It was a good month.

music selection:  “Orgasmatron” — Sepultura

weigh-in:  212.4 (0.4)

My new normal during COVID-19 has me spending less money.  That will be derailed slightly next month when the bill for some home repairs come in.  I have a lead on a nonprofit gig that is on hold due to social distancing – no way to do the sample tasks in person for assessment until this blows over.  I have another lead on a part time “financial advisor” role that I suspect is going to turn out to be some kind of MLM (no thanks.)


Wells Fargo (taxable): This finished the month up 756 dollars at 14,628.  The gain is 5.45% on the month and 49.83% decline year to date. This account also produces $106.25 in monthly distributions, which sweep to my checking.  I’ll be looking for more Closed End Funds to buy in that account as funds are available.

Interactive Brokers (taxable): This is up 12,855 on the month to 137,918 which is good for a 10.28% monthly gain.  Year to date, I am down here by 25.23%.

Interactive Brokers (tIRA): This account is up 4,863 on the month. The monthly gain is 7.51% and the year to date loss is 58.15%, driven by my 50k distribution to taxable.

Interactive Brokers (Roth): This is up 394 dollars to 6,023.  The monthly gain is 6.99%, driven by a bet on NLY and the year to date loss is the 56.37%, driven by complete losses for shares held long in MRRL.

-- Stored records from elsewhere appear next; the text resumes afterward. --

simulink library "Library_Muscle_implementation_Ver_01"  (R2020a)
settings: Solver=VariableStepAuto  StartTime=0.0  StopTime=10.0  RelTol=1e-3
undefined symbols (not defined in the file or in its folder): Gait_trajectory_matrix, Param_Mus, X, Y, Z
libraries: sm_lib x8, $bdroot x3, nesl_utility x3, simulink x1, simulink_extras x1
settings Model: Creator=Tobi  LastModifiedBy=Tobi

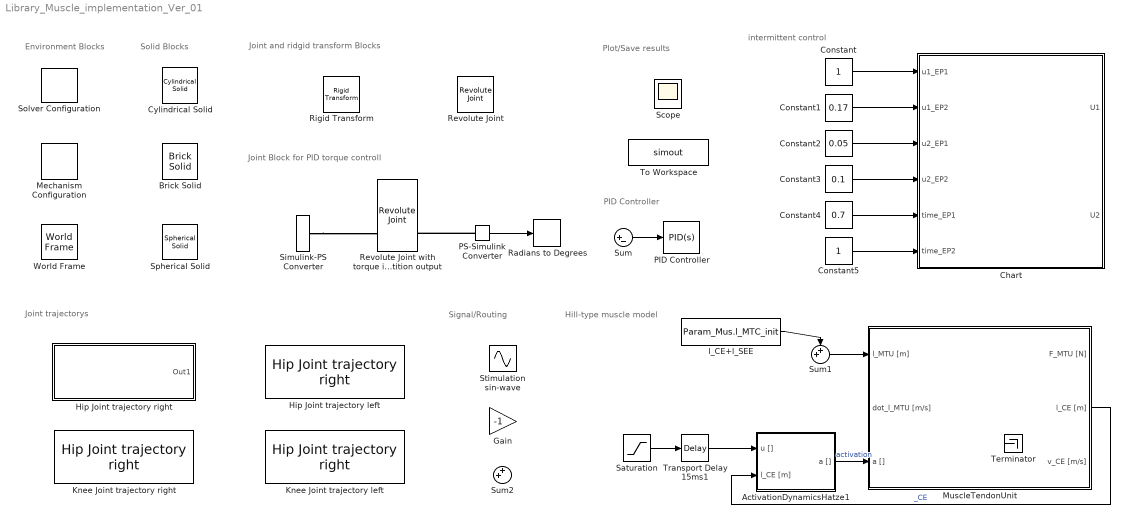
== system Library_Muscle_implementation_Ver_01 ==
  note: Signal/Routing
  note: intermittent control
  note: Joint trajectorys
  note: Plot/Save results
  note: Joint Block for PID torque controll
  note: Solid Blocks
  note: Joint and ridgid transform Blocks
  note: Environment Blocks
  note: PID Controller
  note: Hill-type muscle model
  ActivationDynamicsHatze1 : Subsystem  mask(Activation Dynamics){Act_Param=Param_Mus.ActDyn, Mus_Param=Param_Mus}
      mask prompts: Act_Param "Activation Parameter Struct"; Mus_Param "Muscle Parameter Struct"
      mask help:
      | This block solves the ODE linking neural muscle stimulation u(t) to muscle
      | activity a(t).
      mask Display: %text(.35,.3, 'Aktivierung')
  Brick Solid : sm_lib/Body Elements/Brick Solid  GraphicAmbientColor=[0.15 0.15 0.15 1.0]  BasedOnType=Density  BrickDimensions=[1 1 1]  BrickDimensionUnits=m  CenterOfMass=[0 0 0]  CenterOfMassUnits=m  GraphicDiffuseColor=[0.5 0.5 0.5]  Density=1000  DensityUnits=kg/m^3  DoExposeReferenceFrame=on  GraphicEmissiveColor=[0.0 0.0 0.0 1.0]  ExportEntireGeometry=off  SerializedFrames=<Frames/>  MarkerShape=Sphere  MarkerSize=10  GraphicType=FromGeometry  InertiaType=CalculateFromGeometry  Mass=1  MassUnits=kg  MomentsOfInertia=[1 1 1]  MomentsOfInertiaUnits=kg*m^2  GraphicOpacity=1.0  ProductsOfInertia=[0 0 0]  ProductsOfInertiaUnits=kg*m^2  GraphicShininess=75  GraphicSpecularColor=[0.5 0.5 0.5 1.0]  GraphicVisPropType=SimpleVisualProperties
  Chart : Stateflow chart  TreatAsAtomicUnit=on
  Constant : Constant
  Constant1 : Constant  Value=0.17
  Constant2 : Constant  Value=0.05
  Constant3 : Constant  Value=0.1
  Constant4 : Constant  Value=0.7
  Constant5 : Constant
  Cylindrical Solid : sm_lib/Body Elements/Cylindrical Solid  GraphicAmbientColor=[0.15 0.15 0.15 1.0]  BasedOnType=Density  CenterOfMass=[0 0 0]  CenterOfMassUnits=m  GraphicDiffuseColor=[0.5 0.5 0.5]  CylinderLength=1  CylinderLengthUnits=m  CylinderRadius=1  CylinderRadiusUnits=m  Density=1000  DensityUnits=kg/m^3  DoExposeReferenceFrame=on  GraphicEmissiveColor=[0.0 0.0 0.0 1.0]  ExportEntireGeometry=off  SerializedFrames=<Frames/>  MarkerShape=Sphere  MarkerSize=10  GraphicType=FromGeometry  InertiaType=CalculateFromGeometry  Mass=1  MassUnits=kg  MomentsOfInertia=[1 1 1]  MomentsOfInertiaUnits=kg*m^2  GraphicOpacity=1.0  ProductsOfInertia=[0 0 0]  ProductsOfInertiaUnits=kg*m^2  GraphicShininess=75  GraphicSpecularColor=[0.5 0.5 0.5 1.0]  GraphicVisPropType=SimpleVisualProperties
  Gain : Gain  Gain=-1
  Hip Joint trajectory left : $bdroot/Hip Joint trajectory right   SystemSampleTime=-1  Latency=0  AutoFrameSizeCalculation=off
      link override n-D Lookup Table: Table=Gait_trajectory_matrix(:,2)
  "Hip Joint trajectory right " : Subsystem
  Knee Joint trajectory left : $bdroot/Hip Joint trajectory right   SystemSampleTime=-1  Latency=0  AutoFrameSizeCalculation=off
      link override n-D Lookup Table: Table=Gait_trajectory_matrix(:,4)
  Knee Joint trajectory right : $bdroot/Hip Joint trajectory right   SystemSampleTime=-1  Latency=0  AutoFrameSizeCalculation=off
      link override n-D Lookup Table: Table=Gait_trajectory_matrix(:,5)
  Mechanism Configuration : sm_lib/Utilities/Mechanism Configuration  UniformGravity=Constant  GravityVector=[0 0 -9.80665]  GravityUnits=m/s^2  LinearizationDelta=0.001
  MuscleTendonUnit : Subsystem  mask(Muscle Tendon Complex Model){Mus_Param=Param_Mus}
      mask prompts: Mus_Param "Muscle parameter struct"
      mask help: This block returns the muscle tendon complex (MTC) force based on muscle length l_MTC, contraction velocity dot_l_MTC, and activity q
      mask Help:
      | Copyright (c) 2013, D. Haeufle, M. Guenther, A. Bayer, and S. Schmitt
      | All rights reserved.
      | 
      | Redistribution and use in source and binary forms, with or without modification, are permitted provided that the following conditions are met:
      | 
      |     Redistributions of source code must retain the above copyright notice, this list of conditions and the following disclaimer.
      |     Redistributions in binary form must reproduce the above copyright notice, this list of conditions and the following disclaimer in the documentation and/or other materials provided with the distribution.
      |     Neither the name of the <ORGANIZATION> nor the names of its contributors may be used to endorse or promote products derived from this software without specific prior written permission.
      | 
      | THIS SOFTWARE IS PROVIDED BY THE COPYRIGHT HOLDERS AND CONTRIBUTORS "AS IS" AND ANY EXPRESS OR IMPLIED WARRANTIES, INCLUDING, BUT NOT LIMITED TO, THE IMPLIED WARRANTIES OF MERCHANTABILITY AND FITNESS FOR A PARTICULAR PURPOSE ARE DISCLAIMED. IN NO EVENT SHALL THE COPYRIGHT HOLDER OR CONTRIBUTORS BE LIABLE FOR ANY DIRECT, INDIRECT, INCIDENTAL, SPECIAL, EXEMPLARY, OR CONSEQUENTIAL DAMAGES (INCLUDING, BUT NOT LIMITED TO, PROCUREMENT OF SUBSTITUTE GOODS OR SERVICES; LOSS OF USE, DATA, OR PROFITS; OR BUSINESS INTERRUPTION) HOWEVER CAUSED AND ON ANY THEORY OF LIABILITY, WHETHER IN CONTRACT, STRICT LIABILITY, OR TORT (INCLUDING NEGLIGENCE OR OTHERWISE) ARISING IN ANY WAY OUT OF THE USE OF THIS SOFTWARE, EVEN IF ADVISED OF THE POSSIBILITY OF SUCH DAMAGE.
      mask Display: patch([4 4 4 4 3.5 3 2.6 2.2 2 2.2 2.6 3 3.5 4 4 4 4 7 7 7 7 7.5 8 8.4 8.8 9 8.8 8.4 8 7.5 7 7 7 7 4]/20+0.2, [0 2:17 17:-1:2 0 0]/17,[1 0 0])
  PID Controller : simulink/Continuous/PID Controller  Controller=PID  Form=Parallel  TimeDomain=Continuous-time  UseExternalTs=off  SampleTime=-1  IntegratorMethod=Forward Euler  FilterMethod=Forward Euler  ControllerParametersSource=internal  P=1  I=1  D=0  UseFilter=on  N=100  TunerSelectOption=Transfer Function Based (PID Tuner App)  InitialConditionSource=internal  InitialConditionForIntegrator=0  InitialConditionForFilter=0  DifferentiatorICPrevScaledInput=0  ExternalReset=none  TrackingMode=off  Kt=1  LimitOutput=off  UpperSaturationLimit=inf  LowerSaturationLimit=-inf  LinearizeAsGain=on  AntiWindupMode=none  Kb=1  POutMin=[]  POutMax=[]  IOutMin=[]  IOutMax=[]  DOutMin=[]  DOutMax=[]  NOutMin=[]  NOutMax=[]  SumOutMin=[]  SumOutMax=[]  SaturationOutMin=[]  SaturationOutMax=[]  PParamMin=[]  PParamMax=[]  IParamMin=[]  IParamMax=[]  DParamMin=[]  DParamMax=[]  NParamMin=[]  NParamMax=[]  KbParamMin=[]  KbParamMax=[]  KtParamMin=[]  KtParamMax=[]  KbOutMin=[]  KbOutMax=[]  KtOutMin=[]  KtOutMax=[]  IntegratorOutMin=[]  IntegratorOutMax=[]  FilterOutMin=[]  FilterOutMax=[]  SumI1OutMin=[]  SumI1OutMax=[]  SumI2OutMin=[]  SumI2OutMax=[]  SumI3OutMin=[]  SumI3OutMax=[]  SumI4OutMin=[]  SumI4OutMax=[]  SumDOutMin=[]  SumDOutMax=[]  DifferentiatorOutMin=[]  DifferentiatorOutMax=[]  FilterDiffOutCoefMin=[]  FilterDiffOutCoefMax=[]  ReciprocalOutMin=[]  ReciprocalOutMax=[]  SumDenOutMin=[]  SumDenOutMax=[]  SumNumOutMin=[]  SumNumOutMax=[]  DivideOutMin=[]  DivideOutMax=[]  UdiffTsProdOutMin=[]  UdiffTsProdOutMax=[]  NTsProdOutMin=[]  NTsProdOutMax=[]  UintegralTsProdOutMin=[]  UintegralTsProdOutMax=[]  UngainTsProdOutMin=[]  UngainTsProdOutMax=[]  IntegratorContinuousStateAttributes=''  IntegratorStateMustResolveToSignalObject=off  IntegratorRTWStateStorageClass=Auto  FilterContinuousStateAttributes=''  FilterStateMustResolveToSignalObject=off  FilterRTWStateStorageClass=Auto  ParallelPVariant=InternalParameters  IdealPVariant=Disabled  IVariant=InternalParameters  DVariant=InternalParameters  IntegratorVariant=Continuous  SatVariant=Disabled  AWVariant=Passthrough  PCopyVariant=Disabled  TRVariant=Disabled  FdbkBlocksVariant=Forward  IdealPFdbkVariant=Disabled  SatFdbkVariant=Disabled  DerivativeFilterVariant=ContFilter  NVariant=InternalParameters  NCopyVariant=Disabled  FilterICVariant=InternalICsFilter  IntegratorICVariant=InternalICs  ExternalResetVariant=Disabled  TRSumVariant=Passthrough  SumFdbkVariant=Disabled  SumVariant=Sum_PID  TsampFilterVariant=InternalTs  TsampNgainVariant=Passthrough  TsampIntegralVariant=Passthrough
  PS-Simulink Converter : nesl_utility/PS-Simulink Converter  PhysicalDomain=network_engine_domain  SubClassName=ps_output  LeftPortType=input  RightPortType=output  PseudoPeriodic=off  Frequencies=[]  Unit=1  AffineConversion=off
  Radians to Degrees : simulink_extras/Transformations/Radians to Degrees
  Revolute Joint : sm_lib/Joints/Revolute Joint  JointMode=Normal  SenseConstraintForce=off  SenseConstraintForceX=off  SenseConstraintForceY=off  SenseConstraintForceZ=off  SenseConstraintTorque=off  SenseConstraintTorqueX=off  SenseConstraintTorqueY=off  SenseConstraintTorqueZ=off  SenseTotalForce=off  SenseTotalForceX=off  SenseTotalForceY=off  SenseTotalForceZ=off  SenseTotalTorque=off  SenseTotalTorqueX=off  SenseTotalTorqueY=off  SenseTotalTorqueZ=off  CompositeWrenchDir=FollowerOnBase  CompositeWrenchFrame=BaseFrame  EquilibriumPosition=0  EquilibriumPositionUnits=deg  SpringStiffness=0  SpringStiffnessUnits=N*m/deg  DampingCoefficient=0  DampingCoefficientUnits=N*m/(deg/s)  TorqueActuationMode=NoTorque  MotionActuationMode=ComputedMotion  SensePosition=off  SenseVelocity=off  SenseAcceleration=off  SenseTorqueForce=off  SenseLowerLimitTorqueForce=off  SenseUpperLimitTorqueForce=off  LowerLimitSpecify=off  LowerLimitBound=-90  LowerLimitBoundUnits=deg  LowerLimitStiffness=1e4  LowerLimitStiffnessUnits=N*m/deg  LowerLimitDamping=10  LowerLimitDampingUnits=N*m/(deg/s)  LowerLimitTransitionRegionWidth=0.1  LowerLimitTransitionRegionWidthUnits=deg  UpperLimitSpecify=off  UpperLimitBound=90  UpperLimitBoundUnits=deg  UpperLimitStiffness=1e4  UpperLimitStiffnessUnits=N*m/deg  UpperLimitDamping=10  UpperLimitDampingUnits=N*m/(deg/s)  UpperLimitTransitionRegionWidth=0.1  UpperLimitTransitionRegionWidthUnits=deg  PositionTargetSpecify=off  PositionTargetPriority=High  PositionTargetValue=0  PositionTargetValueUnits=deg  VelocityTargetSpecify=off  VelocityTargetPriority=High  VelocityTargetValue=0  VelocityTargetValueUnits=deg/s
  "Revolute Joint with torque input and postition output " : sm_lib/Joints/Revolute Joint  JointMode=Normal  SenseConstraintForce=off  SenseConstraintForceX=off  SenseConstraintForceY=off  SenseConstraintForceZ=off  SenseConstraintTorque=off  SenseConstraintTorqueX=off  SenseConstraintTorqueY=off  SenseConstraintTorqueZ=off  SenseTotalForce=off  SenseTotalForceX=off  SenseTotalForceY=off  SenseTotalForceZ=off  SenseTotalTorque=off  SenseTotalTorqueX=off  SenseTotalTorqueY=off  SenseTotalTorqueZ=off  CompositeWrenchDir=FollowerOnBase  CompositeWrenchFrame=BaseFrame  EquilibriumPosition=0  EquilibriumPositionUnits=deg  SpringStiffness=0  SpringStiffnessUnits=N*m/deg  DampingCoefficient=0  DampingCoefficientUnits=N*m/(deg/s)  TorqueActuationMode=InputTorque  MotionActuationMode=ComputedMotion  SensePosition=on  SenseVelocity=off  SenseAcceleration=off  SenseTorqueForce=off  SenseLowerLimitTorqueForce=off  SenseUpperLimitTorqueForce=off  LowerLimitSpecify=off  LowerLimitBound=-90  LowerLimitBoundUnits=deg  LowerLimitStiffness=1e4  LowerLimitStiffnessUnits=N*m/deg  LowerLimitDamping=10  LowerLimitDampingUnits=N*m/(deg/s)  LowerLimitTransitionRegionWidth=0.1  LowerLimitTransitionRegionWidthUnits=deg  UpperLimitSpecify=off  UpperLimitBound=90  UpperLimitBoundUnits=deg  UpperLimitStiffness=1e4  UpperLimitStiffnessUnits=N*m/deg  UpperLimitDamping=10  UpperLimitDampingUnits=N*m/(deg/s)  UpperLimitTransitionRegionWidth=0.1  UpperLimitTransitionRegionWidthUnits=deg  PositionTargetSpecify=off  PositionTargetPriority=High  PositionTargetValue=0  PositionTargetValueUnits=deg  VelocityTargetSpecify=off  VelocityTargetPriority=High  VelocityTargetValue=0  VelocityTargetValueUnits=deg/s
  Rigid Transform : sm_lib/Frames and Transforms/Rigid Transform  TranslationMethod=Cartesian  TranslationStandardOffset=0  TranslationLengthUnit=m  TranslationStandardAxis=+Z  TranslationCartesianOffset=[0 0 0]  TranslationROffset=0  TranslationROffsetUnits=m  TranslationZOffset=0  TranslationZOffsetUnits=m  TranslationThetaOffset=0  TranslationThetaOffsetUnits=deg  RotationMethod=StandardAxis  RotationAngleUnits=deg  RotationStandardAxis=+X  RotationAngle=0.0  RotationArbitraryAxis=[0 0 1]  FollAlignAxisA=+X  BaseAlignAxisA=+Y  FollAlignAxisB=+Y  BaseAlignAxisB=+Z  RotationSequenceAxes=FollowerAxes  RotationSequence=XYX  RotationSequenceAngles=[0 0 0]  RotationSequenceAnglesUnits=deg  RotationMatrix=[1 0 0; 0 1 0; 0 0 1]
  Saturation : Saturate  UpperLimit=1  LowerLimit=0.001
  Scope : Scope
  Simulink-PS Converter : nesl_utility/Simulink-PS Converter  PhysicalDomain=network_engine_domain  SubClassName=ps_input  LeftPortType=input  RightPortType=output  PseudoPeriodic=off  Frequencies=[]  NoiseDistribution=none  NoiseParameters=[]  Unit=1  AffineConversion=off  FilteringAndDerivatives=zero  SimscapeFilterOrder=2  InputFilterTimeConstant=0.001  UdotUserProvided=0
  Solver Configuration : nesl_utility/Solver Configuration  PhysicalDomain=network_engine_domain  SubClassName=solver  LeftPortType=input  RightPortType=generic  Tones=[]  Harmonics=[]  SimulateNoise=off  Profile=off  UseLocalSampling=off  EnableSwitchedLinearOptims=on  FrequencyDomain=off  UseCCode=off  RelTol=0.001  AbsTol=1e-06  MinStep=1e-09  ToWorkspace=off  RevertToSquareIcSolve=off  NumHomotopyIterations=100  PhasorMode=off  PhasorModeNumHarmonics=1  DoDC=off  ResidualTolerance=1e-09  UseLocalSolver=off  LocalSolverChoice=NE_BACKWARD_EULER_ADVANCER  LocalSolverSampleTime=0.001  DoFixedCost=off  MaxNonlinIter=3  MaxModeIter=2  LinearAlgebra=auto  EquationFormulation=NE_TIME_EF  DelaysMemoryBudget=1024  AutomaticFiltering=on  FilteringTimeConstant=0.001  PartitionStorageMethod=AS_NEEDED  PartitionMemoryBudget=1024  PartitionMethod=ROBUST
  Spherical Solid : sm_lib/Body Elements/Spherical Solid  GraphicAmbientColor=[0.15 0.15 0.15 1.0]  BasedOnType=Density  CenterOfMass=[0 0 0]  CenterOfMassUnits=m  GraphicDiffuseColor=[0.0 0.0 0.0]  Density=1000  DensityUnits=kg/m^3  DoExposeReferenceFrame=on  GraphicEmissiveColor=[0.0 0.0 0.0 1.0]  ExportEntireGeometry=off  SerializedExposedGeometries=<ExposedGeometries/>  SerializedFrames=<Frames/>  MarkerShape=Sphere  MarkerSize=10  GraphicType=FromGeometry  InertiaType=PointMass  Mass=0  MassUnits=kg  MomentsOfInertia=[1 1 1]  MomentsOfInertiaUnits=kg*m^2  GraphicOpacity=1.0  ProductsOfInertia=[0 0 0]  ProductsOfInertiaUnits=kg*m^2  GraphicShininess=75  GraphicSpecularColor=[0.5 0.5 0.5 1.0]  SphereRadius=Joint_radius  SphereRadiusUnits=m  GraphicVisPropType=SimpleVisualProperties
  Stimulation sin-wave : Sin  Amplitude=0.25  Bias=0.45  Frequency=3  Phase=-pi/2  SampleTime=0
  Sum : Sum  Inputs=|+-
  Sum1 : Sum  Inputs=++|
  Sum2 : Sum  Inputs=++|
  Terminator : Terminator
  To Workspace : ToWorkspace  VariableName=simout  SaveFormat=Structure With Time  SampleTime=-1
  Transport Delay 15ms1 : TransportDelay  DelayTime=0.015  InitialOutput=Param_Mus.ActDyn.u_init
  World Frame : sm_lib/Frames and Transforms/World Frame
  l_CE+l_SEE : Constant  Value=Param_Mus.l_MTC_init
  wires:
  PS-Simulink Converter/1 -> Radians to Degrees/1
  Sum/1 -> PID Controller/1
  l_CE+l_SEE/1 -> Sum1/1
  MuscleTendonUnit/2(l_CE [m]) -> ActivationDynamicsHatze1/2(l_CE [m])  "_CE"
  Transport Delay 15ms1/1 -> ActivationDynamicsHatze1/1(u [])
  ActivationDynamicsHatze1/1(a []) -> MuscleTendonUnit/3(a [])  "activation"
  ? -> Terminator/1  "v_CE"
  Sum1/1 -> MuscleTendonUnit/1(l_MTU [m])
  Constant2/1 -> Chart/3(u2_EP1)
  Constant3/1 -> Chart/4(u2_EP2)
  Constant/1 -> Chart/1(u1_EP1)
  Constant1/1 -> Chart/2(u1_EP2)
  Constant4/1 -> Chart/5(time_EP1)
  Constant5/1 -> Chart/6(time_EP2)
  Saturation/1 -> Transport Delay 15ms1/1
  connections:
  PS-Simulink Converter/LConn1 -- "Revolute Joint with torque input and postition output "/RConn2
  Simulink-PS Converter/RConn1 -- "Revolute Joint with torque input and postition output "/LConn2

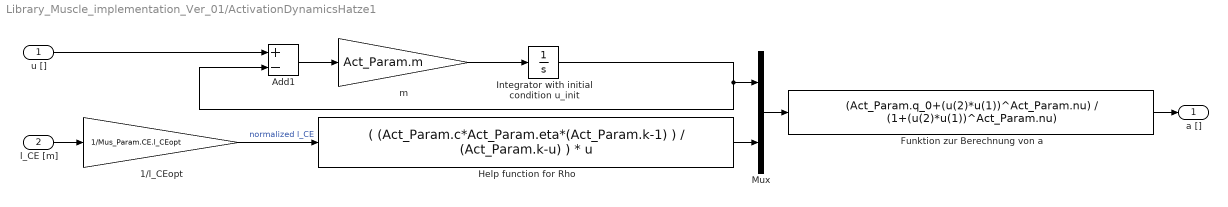
== system Library_Muscle_implementation_Ver_01/ActivationDynamicsHatze1 ==
  u [] : Inport
  l_CE [m] : Inport  Port=2
  1/l_CEopt : Gain  Gain=1/Mus_Param.CE.l_CEopt
  Add1 : Sum  Inputs=+-
  Funktion zur Berechnung von a : Fcn  Expr=(Act_Param.q_0+(u(2)*u(1))^Act_Param.nu) / (1+(u(2)*u(1))^Act_Param.nu)
  Help function for Rho : Fcn  Expr=( (Act_Param.c*Act_Param.eta*(Act_Param.k-1) ) / (Act_Param.k-u) ) * u
  Integrator with initial condition u_init : Integrator  InitialCondition=Act_Param.u_init
  Mux : Mux  Inputs=2
  m : Gain  Gain=Act_Param.m
  a [] : Outport  VectorParamsAs1DForOutWhenUnconnected=off
  wires:
  Add1/1 -> m/1
  m/1 -> Integrator with initial condition u_init/1
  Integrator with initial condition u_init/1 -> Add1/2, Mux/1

HSA: This account is down 146 on the period to 9,455. That is a downward move of 1.52% on the month and 0.17% gain on the year.  I had a withdrawal in the month for prescription medication.

Checking: Cash is up to 13,021 from 11,837. That is a 10.0% increase from last month and 24.23% gain year to date. Monthly withdrawals from the taxable brokerage are set at 1,500 a month, my target spending.

Total investable assets come to 250,636 up 8.63% from 230,730 last month and down 162,984 year to date or 39.40%.

Don’t forget to see the long term trend at Lizard King’s Transparency Page.


Home: paid

Car: paid

Income tax: I have a 9,865 income tax prepayment asset. This is all held to offset the tax hit from my tIRA conversion to taxable.


I am resuming withdrawals from my taxable investing accounts set to provide a cash income of 18,000 a year.  I am going to calculate my withdrawal rate against a tightened budget of (18,000) going forward. Against a liquid net worth of 250,636 that is a withdrawal rate of 7.18%. I gained 3,390 in closed options trades during the month of May and am pacing for covering 222% of 18,000 from options trades. Additionally, my income centric approach to investing includes 20,605 in expected distributions, dividends, and interest for the year or an additional 114.47% of the new budget. Total budget is estimated to be covered by 336.43%. Assuming last year’s spending is necessary, I am still covered although it is unlikely I can sustain the options performance as I will eventually run out of hedges to close.


Spending was 1,106 for the month, which is below the 1,500 target.  Next month has several hundred dollars of unplanned spending coming due for home repairs.


I picked up 300 dollars from my efforts on the local Water Board.  My side hustle brought in 358 before tax.  These two items plus cash swept from taxable brokerage accounts come to $2,240 on the month.  I think I can reasonably keep up a $2,000/month pace but I am trying to belt tighten a little until I can trade my way out of a hole.  I am exploring employment opportunities as a contractor or as non-profit personnel.  If I can make 20k in a year as a contract (easy?) that seals the deal.  I prefer a non-profit even it is doesn’t pay well.   I want to feel good about what I am doing.

Devour your prey raptors!

Financial Transparency as of 31MAY2020

Never miss another opportunity to devour prey!

3 thoughts on “Financial Transparency as of 31MAY2020

  • June 1, 2020 at 3:08 pm

    Nice month, congrats.

    Even if the “financial advisor” job is not MLM, most firms expect their financial advisors to bring or find their own clients, so it is essentially a sales job.

  • June 2, 2020 at 6:53 pm

    If you could cover expenses from a job, is there any chance you might pivot to a growth approach instead of an income approach?

    I’m starting to think tech stocks could actually be safer than investments people think are safe.

    • June 3, 2020 at 3:12 pm

      Maybe. I like as a category what I call “Big Cheap Tech”. The large caps in the tech space are mature cash gushing businesses that people are still treating like growth companies. You get fat options premiums on mature businesses that way.